As a matter of quite serious principle, Flash - albeit speaking as one who doesn't have to reply to the letters - I really don’t think that should be a factor. “Don’t say anything because thick people might misinterpret it” is one of the things that is currently bringing our civilization to a very imminent end.

301153.  Mon Mar 24, 2008 5:45 am Reply with quote

Anyway, here’s something which might make two halves into a whole question: I posted it during series D, but the rest of you - mistakenly, it has to be said, though I say it kindly and without wrath - did not find it as fascinating as I did ...

In a town newspaper recently, the “waste management officer” of Mendip District Council was responding to readers’ accusations that the reason the council provided kerbside collections of food waste, but not of plastic, was because food waste is heavier and therefore more quickly adds up to the tonnage demanded by Whitehall and Brussels targets.

Not so, says the man: “The fact is that biodegradable waste, if landfilled, causes a far greater environmental impact than plastic. I take the point that plastic does not rot down and therefore fills up landfill sites, but it is because it is inert that it causes minimal environmental problems compared with biodegradable waste. Biodegradable waste in landfills accounts for up to eight per cent of the UK’s total greenhouse gas emissions as well as producing leachate, which needs to be treated, and if it enters water systems it can kill aquatic life and poses a very real hazard to public health.”

Source: Frome & Somerset Standard, 2 February 2006.
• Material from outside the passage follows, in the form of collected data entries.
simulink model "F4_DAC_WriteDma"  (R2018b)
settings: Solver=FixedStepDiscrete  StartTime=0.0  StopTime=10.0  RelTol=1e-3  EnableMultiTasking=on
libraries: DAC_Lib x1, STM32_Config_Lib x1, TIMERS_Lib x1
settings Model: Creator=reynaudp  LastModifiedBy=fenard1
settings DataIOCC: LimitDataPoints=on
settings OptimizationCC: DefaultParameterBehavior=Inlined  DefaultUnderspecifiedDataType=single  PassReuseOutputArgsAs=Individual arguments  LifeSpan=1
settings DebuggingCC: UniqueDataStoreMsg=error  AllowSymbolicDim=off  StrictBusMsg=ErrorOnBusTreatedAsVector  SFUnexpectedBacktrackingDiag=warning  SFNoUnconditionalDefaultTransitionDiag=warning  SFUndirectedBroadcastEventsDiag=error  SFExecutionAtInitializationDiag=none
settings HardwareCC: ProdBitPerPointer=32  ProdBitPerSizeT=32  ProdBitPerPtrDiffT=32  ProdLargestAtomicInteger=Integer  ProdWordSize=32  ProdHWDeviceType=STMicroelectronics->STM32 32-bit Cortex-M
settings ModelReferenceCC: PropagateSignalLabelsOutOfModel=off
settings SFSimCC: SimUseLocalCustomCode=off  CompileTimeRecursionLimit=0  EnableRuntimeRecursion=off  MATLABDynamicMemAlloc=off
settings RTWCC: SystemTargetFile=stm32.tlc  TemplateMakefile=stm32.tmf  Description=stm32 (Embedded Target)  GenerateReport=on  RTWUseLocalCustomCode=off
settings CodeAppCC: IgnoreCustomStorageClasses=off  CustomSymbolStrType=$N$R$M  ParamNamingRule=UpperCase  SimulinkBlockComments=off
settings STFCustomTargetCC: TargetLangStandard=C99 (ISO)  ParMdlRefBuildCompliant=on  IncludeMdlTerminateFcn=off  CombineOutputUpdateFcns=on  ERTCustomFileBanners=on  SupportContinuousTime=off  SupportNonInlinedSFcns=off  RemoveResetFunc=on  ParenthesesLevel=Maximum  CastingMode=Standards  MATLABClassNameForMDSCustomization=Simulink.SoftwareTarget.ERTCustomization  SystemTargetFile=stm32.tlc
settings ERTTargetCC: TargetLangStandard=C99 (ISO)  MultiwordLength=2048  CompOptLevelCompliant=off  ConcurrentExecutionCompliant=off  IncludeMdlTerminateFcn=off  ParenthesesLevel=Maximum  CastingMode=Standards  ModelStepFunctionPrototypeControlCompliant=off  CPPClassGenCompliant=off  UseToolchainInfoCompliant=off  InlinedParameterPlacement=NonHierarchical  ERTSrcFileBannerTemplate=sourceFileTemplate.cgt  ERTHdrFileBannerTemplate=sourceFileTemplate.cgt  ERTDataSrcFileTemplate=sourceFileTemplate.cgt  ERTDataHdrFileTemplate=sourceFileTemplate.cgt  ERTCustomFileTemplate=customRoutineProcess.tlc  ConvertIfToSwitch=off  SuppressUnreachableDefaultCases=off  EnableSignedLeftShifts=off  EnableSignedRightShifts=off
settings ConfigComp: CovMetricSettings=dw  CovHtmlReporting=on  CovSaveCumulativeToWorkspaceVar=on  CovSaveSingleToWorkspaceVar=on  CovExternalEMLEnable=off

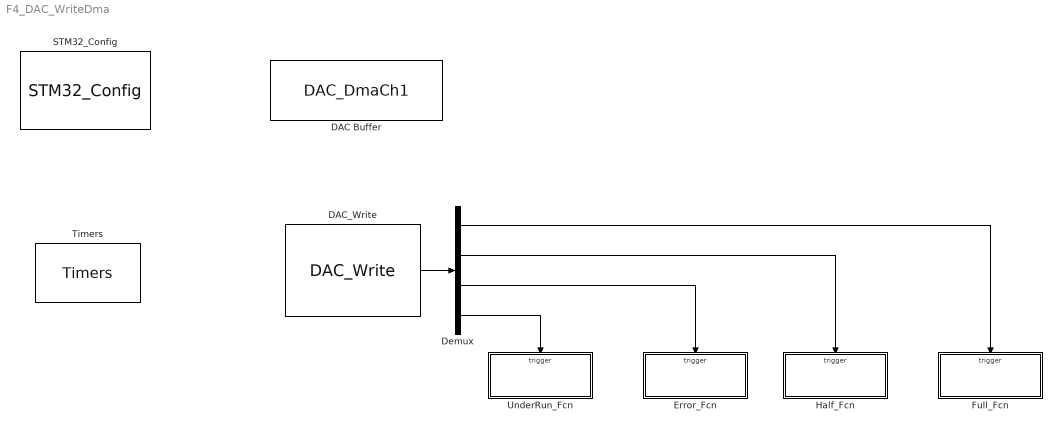
== system F4_DAC_WriteDma ==
  DAC Buffer : DataStoreMemory  Priority=1  DataStoreName=DAC_DmaCh1  ReadBeforeWriteMsg=warning  WriteAfterWriteMsg=warning  WriteAfterReadMsg=warning  InitialValue=[10 20 30 40 50 60 70 80 90 100 ]  ShowAdditionalParam=off  OutDataTypeStr=uint16
      settings: AttributesFormatString=Priority=%<Priority>  RTWStateStorageClass=ImportedExternPointer
  DAC_Write : DAC_Lib/DAC_Write  Priority=2  DAC_Name=DAC  Pin0=off  Pin1=off  Align=12bit_right  DmaBuffCh1=10  DmaBuffCh2=0  CpltTrans=on  HalfTrans=on  ErrorIt=on  UnderIt=on  NbDAC=1  UsedDma=on
      settings: AttributesFormatString=Priority=%<Priority>  SourceProductName=Target Support Package - STM32 Adapter
  Demux : Demux
  Error_Fcn : Subsystem  TreatAsAtomicUnit=on
  "Full_Fcn " : Subsystem  TreatAsAtomicUnit=on
  Half_Fcn : Subsystem  TreatAsAtomicUnit=on
  STM32_Config : STM32_Config_Lib/STM32_Config  Priority=0  Project_Path=.\  Config_File=F4_DAC_WriteDma.ioc  MCU_Name=STM32F407VGTx
      settings: SourceProductName=Target Support Package - STM32 Adapter
  Timers : TIMERS_Lib/Timers  Priority=3  currentTIM=TIM2  TIM_Name=TIM2  sysUsingTimer=on  TIM_APBClock=84000000  TIM_Set_Clk=off  TIM_Prescaler=84-1  TIM_Clock=1000000.00  Variable_frequency=off  TIM_Set_OutFreq=off  TIM_ARR=1000  Output_frequency=1000.00  Repetition_counter=0  TIM_Mode=Up  TIM_DMA=none  TIM_IRQ=off  TIM_IRQ_ONLY=on  TIM_UP=off  TIM_TRG=off  TIM_COM=off  TIM_BRK=off  NbTIM=1  CH1_enable=off  CH1N_enable=off  CH1_type=Unknown  CH1_DMA=off  CH1_int=off  CH1_edge=Rising  CH1_div=1  CH1_variable_duty=off  CH1_set_pulse=off  CH1_output_duty=0.00  CH1_pulse=0  CH2_enable=off  CH2N_enable=off  CH2_type=Unknown  CH2_DMA=off  CH2_int=off  CH2_edge=Rising  CH2_div=1  CH2_variable_duty=off  CH2_set_pulse=off  CH2_output_duty=0.00  CH2_pulse=0  CH3_enable=off  CH3N_enable=off  CH3_type=Unknown  CH3_DMA=off  CH3_int=off  CH3_edge=Rising  CH3_div=1  CH3_variable_duty=off  CH3_set_pulse=off  CH3_output_duty=0.00  CH3_pulse=0  CH4_enable=off  CH4N_enable=off  CH4_type=Unknown  CH4_DMA=off  CH4_int=off  CH4_edge=Rising  CH4_div=1  CH4_variable_duty=off  CH4_set_pulse=off  CH4_output_duty=0.00  CH4_pulse=0
      settings: AttributesFormatString=Priority=%<Priority>  SourceProductName=Target Support Package - STM32 Adapter
  UnderRun_Fcn : Subsystem  TreatAsAtomicUnit=on
  wires:
  Demux/3 -> Error_Fcn/Trigger
  Demux/2 -> Half_Fcn/Trigger
  Demux/4 -> UnderRun_Fcn/Trigger
  DAC_Write/1 -> Demux/1
  Demux/1 -> "Full_Fcn "/Trigger

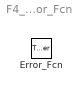
== system F4_DAC_WriteDma/Error_Fcn ==
  Error_Fcn : TriggerPort  TriggerType=function-call  VariantControl=Variant

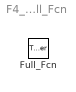
== system F4_DAC_WriteDma/Full_Fcn  ==
  Full_Fcn : TriggerPort  TriggerType=function-call  VariantControl=Variant

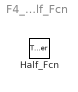
== system F4_DAC_WriteDma/Half_Fcn ==
  Half_Fcn : TriggerPort  TriggerType=function-call  VariantControl=Variant

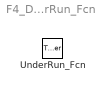
== system F4_DAC_WriteDma/UnderRun_Fcn ==
  UnderRun_Fcn : TriggerPort  TriggerType=function-call  VariantControl=Variant

So, plastic waste is less harmful than food waste precisely because it doesn’t biodegrade - wouldn't you have assumed it was the other way around?

301156.  Mon Mar 24, 2008 5:52 am Reply with quote

While on the subject of witches’ knickers ...

This moronic, plastic-bag-banning bandwagon leaves another loose end: how do householders pre-sort waste for collection by the recyclers, without (as at present) putting different waste in separate plastic bags? Now, if this meant that the recyclers would have to take on more staff in order to sort the stuff themselves, that would be great news - but it won’t. What it’ll mean is less recycling. Another victory for reformism.